* _EXERCISE INSTRUCTIONS_
Take each line of the material that includes "targetPoint" and copy it.
.....
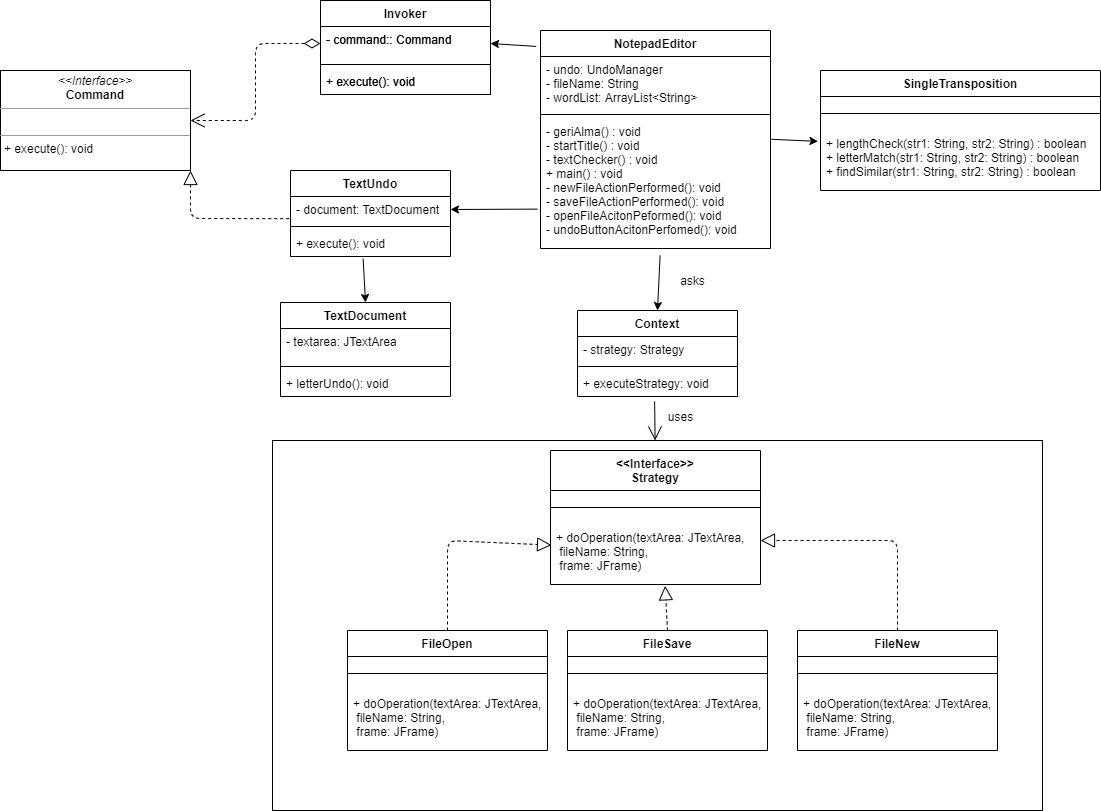

The diagram above was exported from draw.io. Its source (the exported page's mxGraphModel, read from the mxfile embedded in the PNG):
<mxGraphModel dx="2017" dy="-1963" grid="1" gridSize="10" guides="1" tooltips="1" connect="1" arrows="1" fold="1" page="1" pageScale="1" pageWidth="827" pageHeight="1169" math="0" shadow="0">
  <root>
    <mxCell id="0" />
    <mxCell id="1" parent="0" />
    <mxCell id="pantIfY-fFiFB0bp0D-6-206" style="edgeStyle=orthogonalEdgeStyle;rounded=0;orthogonalLoop=1;jettySize=auto;html=1;entryX=0.498;entryY=0.99;entryDx=0;entryDy=0;entryPerimeter=0;" edge="1" parent="1">
      <mxGeometry relative="1" as="geometry">
        <mxPoint x="2349.58" y="3639.3999999999996" as="targetPoint" />
        <Array as="points">
          <mxPoint x="1840" y="3770" />
          <mxPoint x="1840" y="3770" />
        </Array>
      </mxGeometry>
    </mxCell>
    <mxCell id="pantIfY-fFiFB0bp0D-6-254" style="edgeStyle=orthogonalEdgeStyle;rounded=0;orthogonalLoop=1;jettySize=auto;html=1;entryX=0.498;entryY=0.99;entryDx=0;entryDy=0;entryPerimeter=0;" edge="1" parent="1">
      <mxGeometry relative="1" as="geometry">
        <mxPoint x="2479.58" y="5019.4" as="targetPoint" />
        <Array as="points">
          <mxPoint x="1970" y="5150" />
          <mxPoint x="1970" y="5150" />
        </Array>
      </mxGeometry>
    </mxCell>
    <mxCell id="pantIfY-fFiFB0bp0D-6-255" value="NotepadEditor" style="swimlane;fontStyle=1;align=center;verticalAlign=top;childLayout=stackLayout;horizontal=1;startSize=26;horizontalStack=0;resizeParent=1;resizeParentMax=0;resizeLast=0;collapsible=1;marginBottom=0;" vertex="1" parent="1">
      <mxGeometry x="1880" y="4610" width="230" height="218" as="geometry" />
    </mxCell>
    <mxCell id="pantIfY-fFiFB0bp0D-6-256" value="-  undo: UndoManager&#10;- fileName: String&#10;- wordList: ArrayList&lt;String&gt;" style="text;strokeColor=none;fillColor=none;align=left;verticalAlign=top;spacingLeft=4;spacingRight=4;overflow=hidden;rotatable=0;points=[[0,0.5],[1,0.5]];portConstraint=eastwest;" vertex="1" parent="pantIfY-fFiFB0bp0D-6-255">
      <mxGeometry y="26" width="230" height="54" as="geometry" />
    </mxCell>
    <mxCell id="pantIfY-fFiFB0bp0D-6-257" value="" style="line;strokeWidth=1;fillColor=none;align=left;verticalAlign=middle;spacingTop=-1;spacingLeft=3;spacingRight=3;rotatable=0;labelPosition=right;points=[];portConstraint=eastwest;" vertex="1" parent="pantIfY-fFiFB0bp0D-6-255">
      <mxGeometry y="80" width="230" height="8" as="geometry" />
    </mxCell>
    <mxCell id="pantIfY-fFiFB0bp0D-6-258" value="- geriAlma() : void&#10;- startTitle() : void&#10;- textChecker() : void&#10;+ main() : void&#10;- newFileActionPerformed(): void&#10;- saveFileActionPerformed(): void&#10;- openFileAcitonPeformed(): void&#10;- undoButtonAcitonPerfomed(): void" style="text;strokeColor=none;fillColor=none;align=left;verticalAlign=top;spacingLeft=4;spacingRight=4;overflow=hidden;rotatable=0;points=[[0,0.5],[1,0.5]];portConstraint=eastwest;" vertex="1" parent="pantIfY-fFiFB0bp0D-6-255">
      <mxGeometry y="88" width="230" height="130" as="geometry" />
    </mxCell>
    <mxCell id="pantIfY-fFiFB0bp0D-6-259" value="" style="rounded=0;whiteSpace=wrap;html=1;" vertex="1" parent="1">
      <mxGeometry x="1612" y="5020" width="770" height="370" as="geometry" />
    </mxCell>
    <mxCell id="pantIfY-fFiFB0bp0D-6-260" value="FileSave" style="swimlane;fontStyle=1;align=center;verticalAlign=top;childLayout=stackLayout;horizontal=1;startSize=26;horizontalStack=0;resizeParent=1;resizeParentMax=0;resizeLast=0;collapsible=1;marginBottom=0;" vertex="1" parent="1">
      <mxGeometry x="1907" y="5210" width="200" height="120" as="geometry" />
    </mxCell>
    <mxCell id="pantIfY-fFiFB0bp0D-6-261" value="" style="line;strokeWidth=1;fillColor=none;align=left;verticalAlign=middle;spacingTop=-1;spacingLeft=3;spacingRight=3;rotatable=0;labelPosition=right;points=[];portConstraint=eastwest;" vertex="1" parent="pantIfY-fFiFB0bp0D-6-260">
      <mxGeometry y="26" width="200" height="34" as="geometry" />
    </mxCell>
    <mxCell id="pantIfY-fFiFB0bp0D-6-262" value="+ doOperation(textArea: JTextArea,&#10; fileName: String,&#10; frame: JFrame)" style="text;strokeColor=none;fillColor=none;align=left;verticalAlign=top;spacingLeft=4;spacingRight=4;overflow=hidden;rotatable=0;points=[[0,0.5],[1,0.5]];portConstraint=eastwest;" vertex="1" parent="pantIfY-fFiFB0bp0D-6-260">
      <mxGeometry y="60" width="200" height="60" as="geometry" />
    </mxCell>
    <mxCell id="pantIfY-fFiFB0bp0D-6-263" value="FileNew" style="swimlane;fontStyle=1;align=center;verticalAlign=top;childLayout=stackLayout;horizontal=1;startSize=26;horizontalStack=0;resizeParent=1;resizeParentMax=0;resizeLast=0;collapsible=1;marginBottom=0;" vertex="1" parent="1">
      <mxGeometry x="2137" y="5210" width="200" height="120" as="geometry" />
    </mxCell>
    <mxCell id="pantIfY-fFiFB0bp0D-6-264" value="" style="line;strokeWidth=1;fillColor=none;align=left;verticalAlign=middle;spacingTop=-1;spacingLeft=3;spacingRight=3;rotatable=0;labelPosition=right;points=[];portConstraint=eastwest;" vertex="1" parent="pantIfY-fFiFB0bp0D-6-263">
      <mxGeometry y="26" width="200" height="34" as="geometry" />
    </mxCell>
    <mxCell id="pantIfY-fFiFB0bp0D-6-265" value="+ doOperation(textArea: JTextArea,&#10; fileName: String,&#10; frame: JFrame)" style="text;strokeColor=none;fillColor=none;align=left;verticalAlign=top;spacingLeft=4;spacingRight=4;overflow=hidden;rotatable=0;points=[[0,0.5],[1,0.5]];portConstraint=eastwest;" vertex="1" parent="pantIfY-fFiFB0bp0D-6-263">
      <mxGeometry y="60" width="200" height="60" as="geometry" />
    </mxCell>
    <mxCell id="pantIfY-fFiFB0bp0D-6-266" value="&lt;&lt;Interface&gt;&gt;&#10;Strategy" style="swimlane;fontStyle=1;align=center;verticalAlign=top;childLayout=stackLayout;horizontal=1;startSize=40;horizontalStack=0;resizeParent=1;resizeParentMax=0;resizeLast=0;collapsible=1;marginBottom=0;" vertex="1" parent="1">
      <mxGeometry x="1890" y="5030" width="210" height="134" as="geometry" />
    </mxCell>
    <mxCell id="pantIfY-fFiFB0bp0D-6-267" value="" style="line;strokeWidth=1;fillColor=none;align=left;verticalAlign=middle;spacingTop=-1;spacingLeft=3;spacingRight=3;rotatable=0;labelPosition=right;points=[];portConstraint=eastwest;" vertex="1" parent="pantIfY-fFiFB0bp0D-6-266">
      <mxGeometry y="40" width="210" height="34" as="geometry" />
    </mxCell>
    <mxCell id="pantIfY-fFiFB0bp0D-6-268" value="+ doOperation(textArea: JTextArea,&#10; fileName: String,&#10; frame: JFrame)" style="text;strokeColor=none;fillColor=none;align=left;verticalAlign=top;spacingLeft=4;spacingRight=4;overflow=hidden;rotatable=0;points=[[0,0.5],[1,0.5]];portConstraint=eastwest;" vertex="1" parent="pantIfY-fFiFB0bp0D-6-266">
      <mxGeometry y="74" width="210" height="60" as="geometry" />
    </mxCell>
    <mxCell id="pantIfY-fFiFB0bp0D-6-269" value="FileOpen" style="swimlane;fontStyle=1;align=center;verticalAlign=top;childLayout=stackLayout;horizontal=1;startSize=26;horizontalStack=0;resizeParent=1;resizeParentMax=0;resizeLast=0;collapsible=1;marginBottom=0;" vertex="1" parent="1">
      <mxGeometry x="1687" y="5210" width="200" height="120" as="geometry" />
    </mxCell>
    <mxCell id="pantIfY-fFiFB0bp0D-6-270" value="" style="line;strokeWidth=1;fillColor=none;align=left;verticalAlign=middle;spacingTop=-1;spacingLeft=3;spacingRight=3;rotatable=0;labelPosition=right;points=[];portConstraint=eastwest;" vertex="1" parent="pantIfY-fFiFB0bp0D-6-269">
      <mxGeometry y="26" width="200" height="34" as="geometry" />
.....
* _WORKED SOLUTION_
        <mxPoint x="2349.58" y="3639.3999999999996" as="targetPoint" />
        <mxPoint x="2479.58" y="5019.4" as="targetPoint" />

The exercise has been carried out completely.